- _YOUR ASSIGNMENT_
Copy each line below that includes "side".

##### DATA EXTRACT

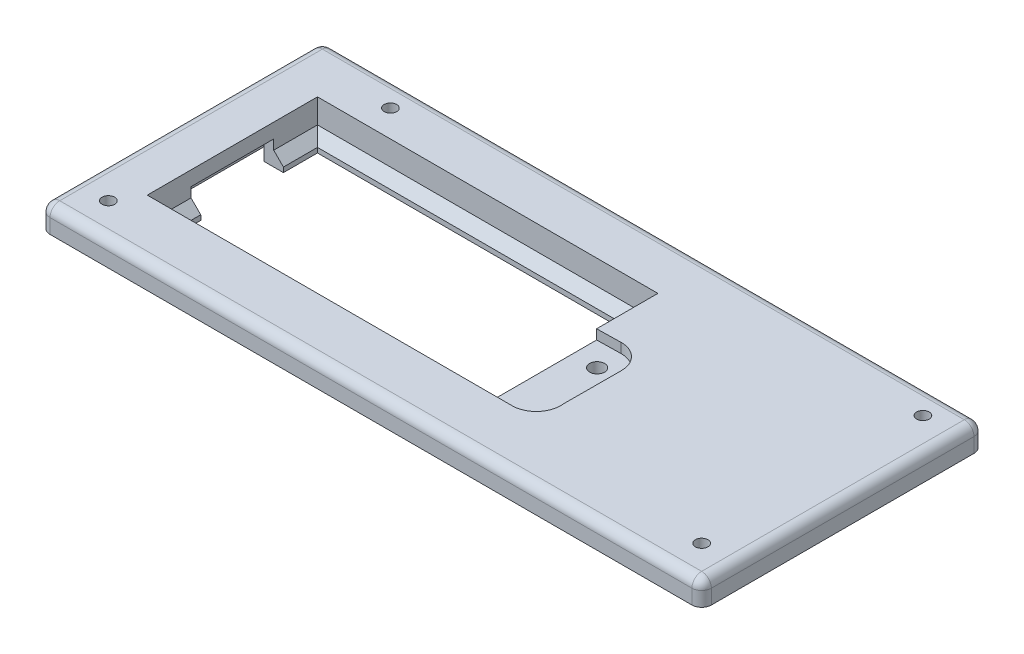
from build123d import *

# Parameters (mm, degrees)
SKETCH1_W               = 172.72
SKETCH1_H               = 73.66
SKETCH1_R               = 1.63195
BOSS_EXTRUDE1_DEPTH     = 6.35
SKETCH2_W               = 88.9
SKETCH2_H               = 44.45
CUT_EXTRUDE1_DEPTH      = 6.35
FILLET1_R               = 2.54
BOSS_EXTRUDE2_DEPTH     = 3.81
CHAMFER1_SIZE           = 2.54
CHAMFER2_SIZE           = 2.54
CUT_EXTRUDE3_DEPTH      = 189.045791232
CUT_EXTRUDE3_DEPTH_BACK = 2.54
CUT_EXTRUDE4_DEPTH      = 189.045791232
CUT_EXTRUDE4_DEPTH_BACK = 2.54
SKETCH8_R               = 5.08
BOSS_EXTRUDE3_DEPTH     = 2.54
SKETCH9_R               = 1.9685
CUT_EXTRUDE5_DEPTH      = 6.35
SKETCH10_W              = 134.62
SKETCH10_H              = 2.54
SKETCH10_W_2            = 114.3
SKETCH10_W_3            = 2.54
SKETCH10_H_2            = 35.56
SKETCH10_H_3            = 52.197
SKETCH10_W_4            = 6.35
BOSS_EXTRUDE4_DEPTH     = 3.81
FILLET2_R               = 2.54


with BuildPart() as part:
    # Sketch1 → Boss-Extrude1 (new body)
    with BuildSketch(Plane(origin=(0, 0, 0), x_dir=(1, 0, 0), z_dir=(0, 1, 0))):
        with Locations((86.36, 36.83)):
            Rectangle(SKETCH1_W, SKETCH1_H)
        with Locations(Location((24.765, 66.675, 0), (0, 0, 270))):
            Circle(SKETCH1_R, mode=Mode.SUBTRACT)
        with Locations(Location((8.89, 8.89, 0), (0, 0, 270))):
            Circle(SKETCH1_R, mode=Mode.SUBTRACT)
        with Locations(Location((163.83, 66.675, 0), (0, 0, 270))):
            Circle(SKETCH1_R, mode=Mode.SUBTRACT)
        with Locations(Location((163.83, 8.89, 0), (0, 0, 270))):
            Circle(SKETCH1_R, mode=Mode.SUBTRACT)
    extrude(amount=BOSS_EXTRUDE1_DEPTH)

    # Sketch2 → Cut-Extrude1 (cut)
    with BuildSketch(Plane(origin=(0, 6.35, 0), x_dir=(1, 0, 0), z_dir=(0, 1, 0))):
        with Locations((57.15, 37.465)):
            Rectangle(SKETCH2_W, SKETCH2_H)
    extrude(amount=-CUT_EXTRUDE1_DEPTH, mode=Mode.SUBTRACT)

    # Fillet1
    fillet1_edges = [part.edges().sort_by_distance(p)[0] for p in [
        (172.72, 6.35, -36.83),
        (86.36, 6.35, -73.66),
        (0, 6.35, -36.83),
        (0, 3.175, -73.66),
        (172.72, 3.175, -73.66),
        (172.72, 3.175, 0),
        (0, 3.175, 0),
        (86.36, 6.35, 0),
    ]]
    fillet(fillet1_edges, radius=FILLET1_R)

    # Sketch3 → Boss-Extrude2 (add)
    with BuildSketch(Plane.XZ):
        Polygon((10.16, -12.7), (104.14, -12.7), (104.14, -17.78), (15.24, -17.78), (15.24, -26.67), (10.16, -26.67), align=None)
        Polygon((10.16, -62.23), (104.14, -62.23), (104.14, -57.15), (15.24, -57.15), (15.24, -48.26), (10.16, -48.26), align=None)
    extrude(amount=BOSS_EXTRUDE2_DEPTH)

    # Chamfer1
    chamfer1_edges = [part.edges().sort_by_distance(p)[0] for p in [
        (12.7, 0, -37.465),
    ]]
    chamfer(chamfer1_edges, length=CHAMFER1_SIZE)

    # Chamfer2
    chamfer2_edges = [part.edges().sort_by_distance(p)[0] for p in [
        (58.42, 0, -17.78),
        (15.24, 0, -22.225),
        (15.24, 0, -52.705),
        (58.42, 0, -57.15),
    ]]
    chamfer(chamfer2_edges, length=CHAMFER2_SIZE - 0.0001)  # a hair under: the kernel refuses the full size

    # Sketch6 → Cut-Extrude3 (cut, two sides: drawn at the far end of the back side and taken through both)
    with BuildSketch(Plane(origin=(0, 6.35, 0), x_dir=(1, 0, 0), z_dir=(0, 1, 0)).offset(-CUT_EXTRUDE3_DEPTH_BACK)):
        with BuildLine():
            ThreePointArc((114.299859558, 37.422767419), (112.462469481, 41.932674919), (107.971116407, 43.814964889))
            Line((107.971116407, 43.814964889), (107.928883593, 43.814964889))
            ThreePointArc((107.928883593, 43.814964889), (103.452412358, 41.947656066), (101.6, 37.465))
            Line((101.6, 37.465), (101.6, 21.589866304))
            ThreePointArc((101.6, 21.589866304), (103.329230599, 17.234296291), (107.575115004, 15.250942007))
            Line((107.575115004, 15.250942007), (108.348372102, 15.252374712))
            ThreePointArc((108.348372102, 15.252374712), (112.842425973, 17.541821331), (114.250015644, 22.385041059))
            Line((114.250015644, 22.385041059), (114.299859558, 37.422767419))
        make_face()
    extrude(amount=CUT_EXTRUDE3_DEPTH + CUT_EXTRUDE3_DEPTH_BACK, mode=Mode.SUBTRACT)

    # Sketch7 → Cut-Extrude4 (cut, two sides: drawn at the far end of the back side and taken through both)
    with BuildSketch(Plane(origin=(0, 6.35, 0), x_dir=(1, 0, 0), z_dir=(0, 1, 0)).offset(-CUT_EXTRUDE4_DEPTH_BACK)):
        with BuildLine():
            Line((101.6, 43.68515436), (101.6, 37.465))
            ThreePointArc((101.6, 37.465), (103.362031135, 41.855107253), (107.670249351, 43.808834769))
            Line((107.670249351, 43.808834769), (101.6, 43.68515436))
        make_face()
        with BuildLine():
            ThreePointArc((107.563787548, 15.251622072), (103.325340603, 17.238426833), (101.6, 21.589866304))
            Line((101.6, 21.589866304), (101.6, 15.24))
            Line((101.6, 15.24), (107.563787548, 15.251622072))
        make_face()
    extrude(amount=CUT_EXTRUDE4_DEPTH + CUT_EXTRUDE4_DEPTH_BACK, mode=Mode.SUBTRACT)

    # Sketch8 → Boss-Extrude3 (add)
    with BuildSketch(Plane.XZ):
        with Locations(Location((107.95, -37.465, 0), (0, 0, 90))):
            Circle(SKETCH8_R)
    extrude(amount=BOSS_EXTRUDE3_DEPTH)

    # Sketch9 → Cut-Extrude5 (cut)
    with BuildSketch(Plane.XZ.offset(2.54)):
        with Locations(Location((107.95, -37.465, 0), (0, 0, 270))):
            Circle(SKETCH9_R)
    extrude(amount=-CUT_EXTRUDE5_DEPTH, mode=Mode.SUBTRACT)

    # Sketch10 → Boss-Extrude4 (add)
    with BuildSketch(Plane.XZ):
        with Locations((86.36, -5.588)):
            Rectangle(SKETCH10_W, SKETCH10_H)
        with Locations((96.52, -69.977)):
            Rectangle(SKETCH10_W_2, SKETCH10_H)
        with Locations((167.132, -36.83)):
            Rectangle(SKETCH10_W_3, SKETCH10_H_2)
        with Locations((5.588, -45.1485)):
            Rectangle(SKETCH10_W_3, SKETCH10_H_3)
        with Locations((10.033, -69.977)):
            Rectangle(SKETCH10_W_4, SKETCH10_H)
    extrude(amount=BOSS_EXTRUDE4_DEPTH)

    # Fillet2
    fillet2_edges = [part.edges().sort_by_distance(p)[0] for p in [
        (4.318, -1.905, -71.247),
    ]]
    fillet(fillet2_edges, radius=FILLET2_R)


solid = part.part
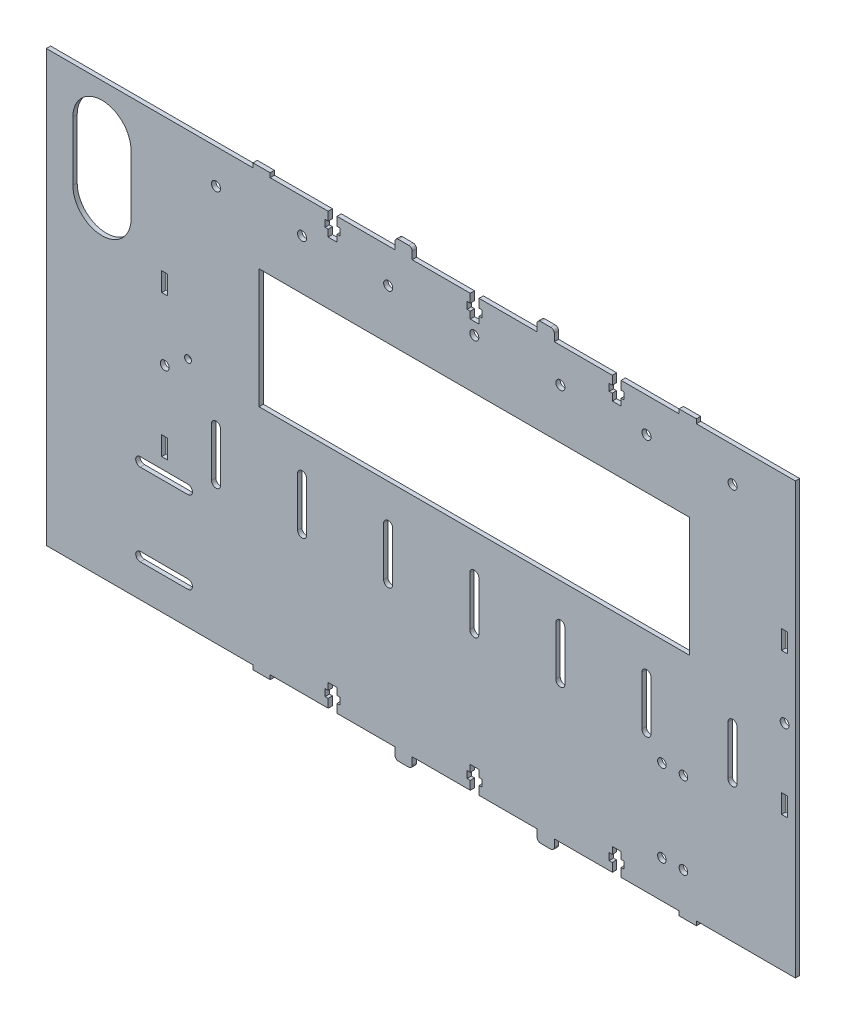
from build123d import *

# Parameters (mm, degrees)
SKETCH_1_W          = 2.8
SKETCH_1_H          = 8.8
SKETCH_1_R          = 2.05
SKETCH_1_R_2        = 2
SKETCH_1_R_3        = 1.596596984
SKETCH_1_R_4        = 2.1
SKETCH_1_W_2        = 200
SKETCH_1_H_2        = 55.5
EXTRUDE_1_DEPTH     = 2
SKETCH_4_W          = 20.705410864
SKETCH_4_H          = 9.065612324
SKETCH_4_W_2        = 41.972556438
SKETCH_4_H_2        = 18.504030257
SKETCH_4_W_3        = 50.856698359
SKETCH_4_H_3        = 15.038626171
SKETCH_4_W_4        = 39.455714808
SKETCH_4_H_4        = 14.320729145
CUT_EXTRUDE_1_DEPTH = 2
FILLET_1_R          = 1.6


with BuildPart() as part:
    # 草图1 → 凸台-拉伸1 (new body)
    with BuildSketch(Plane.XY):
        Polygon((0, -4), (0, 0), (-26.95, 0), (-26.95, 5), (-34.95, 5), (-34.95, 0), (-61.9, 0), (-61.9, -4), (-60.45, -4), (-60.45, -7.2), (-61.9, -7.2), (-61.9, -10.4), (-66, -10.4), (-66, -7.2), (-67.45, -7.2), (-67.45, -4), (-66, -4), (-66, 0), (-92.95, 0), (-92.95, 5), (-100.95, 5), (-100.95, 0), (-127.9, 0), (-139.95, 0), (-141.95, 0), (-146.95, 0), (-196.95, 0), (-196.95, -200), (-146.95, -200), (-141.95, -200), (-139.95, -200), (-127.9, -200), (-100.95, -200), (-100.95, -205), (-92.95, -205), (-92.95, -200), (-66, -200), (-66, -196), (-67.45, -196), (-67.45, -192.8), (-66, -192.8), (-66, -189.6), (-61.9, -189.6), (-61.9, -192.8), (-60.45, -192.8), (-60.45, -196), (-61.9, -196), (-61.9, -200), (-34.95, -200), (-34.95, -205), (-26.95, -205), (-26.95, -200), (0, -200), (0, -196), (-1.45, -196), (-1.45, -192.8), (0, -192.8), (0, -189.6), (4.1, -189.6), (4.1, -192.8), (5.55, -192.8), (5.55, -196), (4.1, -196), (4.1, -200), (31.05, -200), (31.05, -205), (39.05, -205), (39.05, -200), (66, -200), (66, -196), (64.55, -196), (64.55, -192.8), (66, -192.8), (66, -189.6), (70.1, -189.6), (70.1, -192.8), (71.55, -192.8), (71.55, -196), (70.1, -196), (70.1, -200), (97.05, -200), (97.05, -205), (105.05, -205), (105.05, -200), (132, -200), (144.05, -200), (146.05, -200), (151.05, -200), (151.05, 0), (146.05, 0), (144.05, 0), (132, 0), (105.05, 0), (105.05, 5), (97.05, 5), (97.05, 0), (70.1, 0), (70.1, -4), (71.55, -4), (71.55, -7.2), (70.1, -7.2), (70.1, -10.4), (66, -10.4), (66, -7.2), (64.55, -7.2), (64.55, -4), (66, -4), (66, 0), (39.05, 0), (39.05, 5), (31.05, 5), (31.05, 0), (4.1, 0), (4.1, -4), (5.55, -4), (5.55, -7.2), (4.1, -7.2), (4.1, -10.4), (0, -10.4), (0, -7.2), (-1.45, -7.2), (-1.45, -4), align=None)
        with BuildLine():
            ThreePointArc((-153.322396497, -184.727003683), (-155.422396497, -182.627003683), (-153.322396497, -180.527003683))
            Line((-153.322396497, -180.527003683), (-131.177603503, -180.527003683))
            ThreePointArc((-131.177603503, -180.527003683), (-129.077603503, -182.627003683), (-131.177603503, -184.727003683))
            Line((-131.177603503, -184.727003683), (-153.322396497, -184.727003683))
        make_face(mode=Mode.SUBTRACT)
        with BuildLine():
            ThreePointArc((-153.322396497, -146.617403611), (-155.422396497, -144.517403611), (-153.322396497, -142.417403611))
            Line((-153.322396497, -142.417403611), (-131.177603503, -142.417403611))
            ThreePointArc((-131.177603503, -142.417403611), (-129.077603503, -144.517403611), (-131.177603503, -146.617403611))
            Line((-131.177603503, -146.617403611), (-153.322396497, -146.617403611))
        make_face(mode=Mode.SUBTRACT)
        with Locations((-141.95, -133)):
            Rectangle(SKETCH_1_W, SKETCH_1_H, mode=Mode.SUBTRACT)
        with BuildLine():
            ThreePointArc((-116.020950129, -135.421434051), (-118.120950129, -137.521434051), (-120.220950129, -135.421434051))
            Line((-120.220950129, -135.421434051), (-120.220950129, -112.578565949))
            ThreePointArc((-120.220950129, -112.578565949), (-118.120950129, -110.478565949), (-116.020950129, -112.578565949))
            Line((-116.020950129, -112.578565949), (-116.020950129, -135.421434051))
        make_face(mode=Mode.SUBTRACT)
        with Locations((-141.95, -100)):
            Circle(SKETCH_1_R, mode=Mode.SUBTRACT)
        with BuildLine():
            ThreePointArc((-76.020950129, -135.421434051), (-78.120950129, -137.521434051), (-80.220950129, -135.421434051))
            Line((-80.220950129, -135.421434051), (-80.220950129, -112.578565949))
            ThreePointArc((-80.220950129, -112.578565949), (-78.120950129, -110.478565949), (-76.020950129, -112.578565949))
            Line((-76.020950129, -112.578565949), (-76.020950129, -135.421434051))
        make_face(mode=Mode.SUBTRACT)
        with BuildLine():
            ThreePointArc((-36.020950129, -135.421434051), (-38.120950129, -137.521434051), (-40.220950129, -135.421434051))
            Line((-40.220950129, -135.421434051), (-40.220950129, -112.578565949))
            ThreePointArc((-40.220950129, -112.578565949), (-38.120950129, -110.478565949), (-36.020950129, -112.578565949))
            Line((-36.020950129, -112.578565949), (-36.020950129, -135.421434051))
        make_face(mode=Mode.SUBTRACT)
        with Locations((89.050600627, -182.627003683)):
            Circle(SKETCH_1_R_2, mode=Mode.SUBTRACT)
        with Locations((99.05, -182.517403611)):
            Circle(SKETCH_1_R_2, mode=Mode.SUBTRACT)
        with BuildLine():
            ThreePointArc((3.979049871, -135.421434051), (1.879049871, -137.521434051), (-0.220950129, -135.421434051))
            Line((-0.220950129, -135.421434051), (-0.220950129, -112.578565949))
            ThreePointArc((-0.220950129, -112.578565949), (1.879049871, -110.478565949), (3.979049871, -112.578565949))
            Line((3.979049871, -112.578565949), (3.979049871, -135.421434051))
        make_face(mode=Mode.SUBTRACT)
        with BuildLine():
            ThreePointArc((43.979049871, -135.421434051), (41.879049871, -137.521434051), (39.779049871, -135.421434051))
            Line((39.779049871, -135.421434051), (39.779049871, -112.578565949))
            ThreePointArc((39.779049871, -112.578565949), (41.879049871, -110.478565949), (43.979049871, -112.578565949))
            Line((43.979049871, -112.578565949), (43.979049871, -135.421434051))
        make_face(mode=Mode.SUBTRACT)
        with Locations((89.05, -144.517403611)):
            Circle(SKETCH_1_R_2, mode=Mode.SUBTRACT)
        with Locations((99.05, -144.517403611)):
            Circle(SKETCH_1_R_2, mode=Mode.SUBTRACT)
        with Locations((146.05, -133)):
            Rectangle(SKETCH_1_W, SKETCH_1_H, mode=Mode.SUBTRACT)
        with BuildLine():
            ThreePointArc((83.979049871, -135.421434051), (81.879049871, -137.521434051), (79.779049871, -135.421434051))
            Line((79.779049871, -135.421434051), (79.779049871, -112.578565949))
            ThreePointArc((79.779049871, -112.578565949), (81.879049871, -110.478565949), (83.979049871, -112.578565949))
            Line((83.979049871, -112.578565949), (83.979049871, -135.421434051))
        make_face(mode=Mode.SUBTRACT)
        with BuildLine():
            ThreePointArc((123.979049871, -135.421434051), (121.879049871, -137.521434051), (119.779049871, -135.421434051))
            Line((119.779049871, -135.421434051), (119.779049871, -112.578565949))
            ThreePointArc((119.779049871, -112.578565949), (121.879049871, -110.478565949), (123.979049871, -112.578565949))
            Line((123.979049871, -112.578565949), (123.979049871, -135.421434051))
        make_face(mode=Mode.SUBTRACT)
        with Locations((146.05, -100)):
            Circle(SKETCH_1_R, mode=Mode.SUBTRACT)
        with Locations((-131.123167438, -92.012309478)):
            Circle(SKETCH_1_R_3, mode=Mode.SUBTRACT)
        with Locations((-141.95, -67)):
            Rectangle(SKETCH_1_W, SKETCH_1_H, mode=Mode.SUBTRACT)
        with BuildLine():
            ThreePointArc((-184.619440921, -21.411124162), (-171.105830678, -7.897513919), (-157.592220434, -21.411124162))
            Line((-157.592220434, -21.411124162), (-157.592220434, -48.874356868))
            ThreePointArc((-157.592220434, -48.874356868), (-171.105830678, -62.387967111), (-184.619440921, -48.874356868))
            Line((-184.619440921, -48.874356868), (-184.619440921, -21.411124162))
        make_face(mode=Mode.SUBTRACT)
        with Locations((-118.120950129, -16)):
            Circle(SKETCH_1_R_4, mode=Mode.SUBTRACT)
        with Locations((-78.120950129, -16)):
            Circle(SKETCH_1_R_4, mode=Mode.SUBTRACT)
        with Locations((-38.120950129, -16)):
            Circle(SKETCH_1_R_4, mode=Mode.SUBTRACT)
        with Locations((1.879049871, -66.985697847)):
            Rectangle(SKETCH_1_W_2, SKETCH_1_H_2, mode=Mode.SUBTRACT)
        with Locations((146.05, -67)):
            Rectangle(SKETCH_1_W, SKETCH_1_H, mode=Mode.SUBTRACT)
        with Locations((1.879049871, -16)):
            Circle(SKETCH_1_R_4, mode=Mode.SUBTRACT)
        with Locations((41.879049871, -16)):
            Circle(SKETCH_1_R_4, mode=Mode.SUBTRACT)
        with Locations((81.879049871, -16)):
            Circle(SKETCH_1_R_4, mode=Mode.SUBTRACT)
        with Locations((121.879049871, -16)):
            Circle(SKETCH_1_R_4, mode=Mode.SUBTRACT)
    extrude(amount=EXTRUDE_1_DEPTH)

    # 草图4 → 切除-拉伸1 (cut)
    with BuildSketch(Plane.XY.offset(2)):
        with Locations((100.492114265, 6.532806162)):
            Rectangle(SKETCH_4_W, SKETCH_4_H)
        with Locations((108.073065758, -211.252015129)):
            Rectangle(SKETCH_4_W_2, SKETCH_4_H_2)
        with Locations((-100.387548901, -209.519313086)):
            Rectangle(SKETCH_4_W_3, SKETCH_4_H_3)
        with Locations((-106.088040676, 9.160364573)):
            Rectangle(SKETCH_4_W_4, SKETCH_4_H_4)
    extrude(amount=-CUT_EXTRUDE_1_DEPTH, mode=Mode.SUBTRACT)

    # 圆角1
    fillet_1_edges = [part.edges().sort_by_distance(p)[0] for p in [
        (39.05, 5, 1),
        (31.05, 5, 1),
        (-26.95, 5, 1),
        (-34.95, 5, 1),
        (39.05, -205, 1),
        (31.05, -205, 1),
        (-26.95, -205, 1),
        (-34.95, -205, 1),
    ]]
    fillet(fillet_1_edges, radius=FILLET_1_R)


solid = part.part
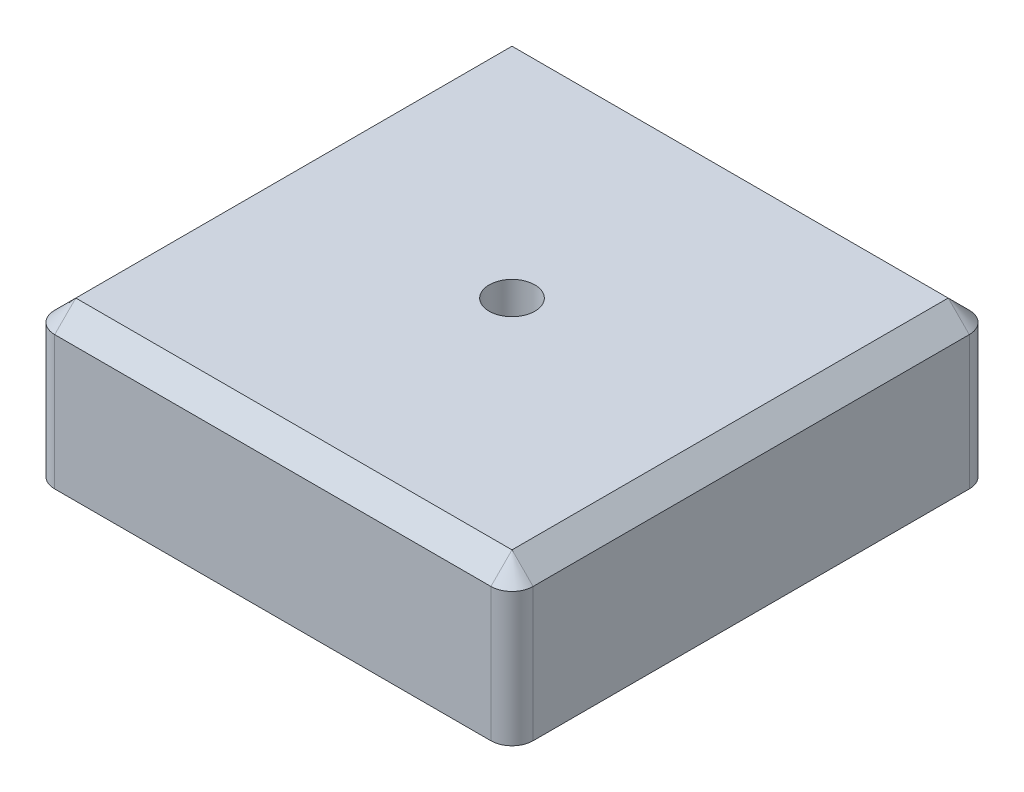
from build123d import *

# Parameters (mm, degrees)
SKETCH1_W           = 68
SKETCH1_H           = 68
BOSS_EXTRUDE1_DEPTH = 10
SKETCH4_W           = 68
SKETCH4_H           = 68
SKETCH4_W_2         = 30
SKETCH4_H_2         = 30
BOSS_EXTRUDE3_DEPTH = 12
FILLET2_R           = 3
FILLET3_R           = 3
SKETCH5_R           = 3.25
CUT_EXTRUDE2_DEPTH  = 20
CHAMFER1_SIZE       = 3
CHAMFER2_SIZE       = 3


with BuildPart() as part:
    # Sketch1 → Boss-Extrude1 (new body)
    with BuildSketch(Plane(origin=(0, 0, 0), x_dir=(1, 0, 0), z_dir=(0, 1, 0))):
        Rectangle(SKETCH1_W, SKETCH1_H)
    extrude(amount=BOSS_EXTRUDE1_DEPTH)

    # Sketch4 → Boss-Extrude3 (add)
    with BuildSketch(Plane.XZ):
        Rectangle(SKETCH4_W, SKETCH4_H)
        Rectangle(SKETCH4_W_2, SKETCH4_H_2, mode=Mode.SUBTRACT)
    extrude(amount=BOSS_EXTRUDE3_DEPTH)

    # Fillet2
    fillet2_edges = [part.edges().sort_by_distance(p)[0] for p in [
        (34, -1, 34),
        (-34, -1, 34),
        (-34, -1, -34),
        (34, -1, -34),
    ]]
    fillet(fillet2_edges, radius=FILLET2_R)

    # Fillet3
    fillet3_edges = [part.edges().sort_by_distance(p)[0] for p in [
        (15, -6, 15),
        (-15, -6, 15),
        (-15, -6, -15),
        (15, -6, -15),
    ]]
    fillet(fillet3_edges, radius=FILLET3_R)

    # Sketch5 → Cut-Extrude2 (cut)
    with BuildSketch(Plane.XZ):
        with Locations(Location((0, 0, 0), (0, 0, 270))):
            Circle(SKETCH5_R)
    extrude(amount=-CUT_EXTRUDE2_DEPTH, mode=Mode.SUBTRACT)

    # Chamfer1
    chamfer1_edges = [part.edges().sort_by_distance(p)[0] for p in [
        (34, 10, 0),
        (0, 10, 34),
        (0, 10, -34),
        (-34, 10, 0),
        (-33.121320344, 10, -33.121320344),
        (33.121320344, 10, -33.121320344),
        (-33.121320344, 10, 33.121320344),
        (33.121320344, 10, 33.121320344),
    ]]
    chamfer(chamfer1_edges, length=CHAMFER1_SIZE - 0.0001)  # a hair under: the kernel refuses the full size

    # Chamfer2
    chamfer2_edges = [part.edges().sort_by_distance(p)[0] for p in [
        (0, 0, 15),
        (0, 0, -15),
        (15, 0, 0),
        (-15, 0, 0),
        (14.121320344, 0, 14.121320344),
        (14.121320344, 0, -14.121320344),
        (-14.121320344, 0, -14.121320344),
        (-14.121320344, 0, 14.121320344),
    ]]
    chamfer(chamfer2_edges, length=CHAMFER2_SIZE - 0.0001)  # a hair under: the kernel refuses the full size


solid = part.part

##########

- _ANSWER TO THIS EXERCISE_
    # Sketch6 → Cut-Extrude3 (cut, two sides: drawn at the far end of the back side and taken through both)
    # Sketch7 → Cut-Extrude4 (cut, two sides: drawn at the far end of the back side and taken through both)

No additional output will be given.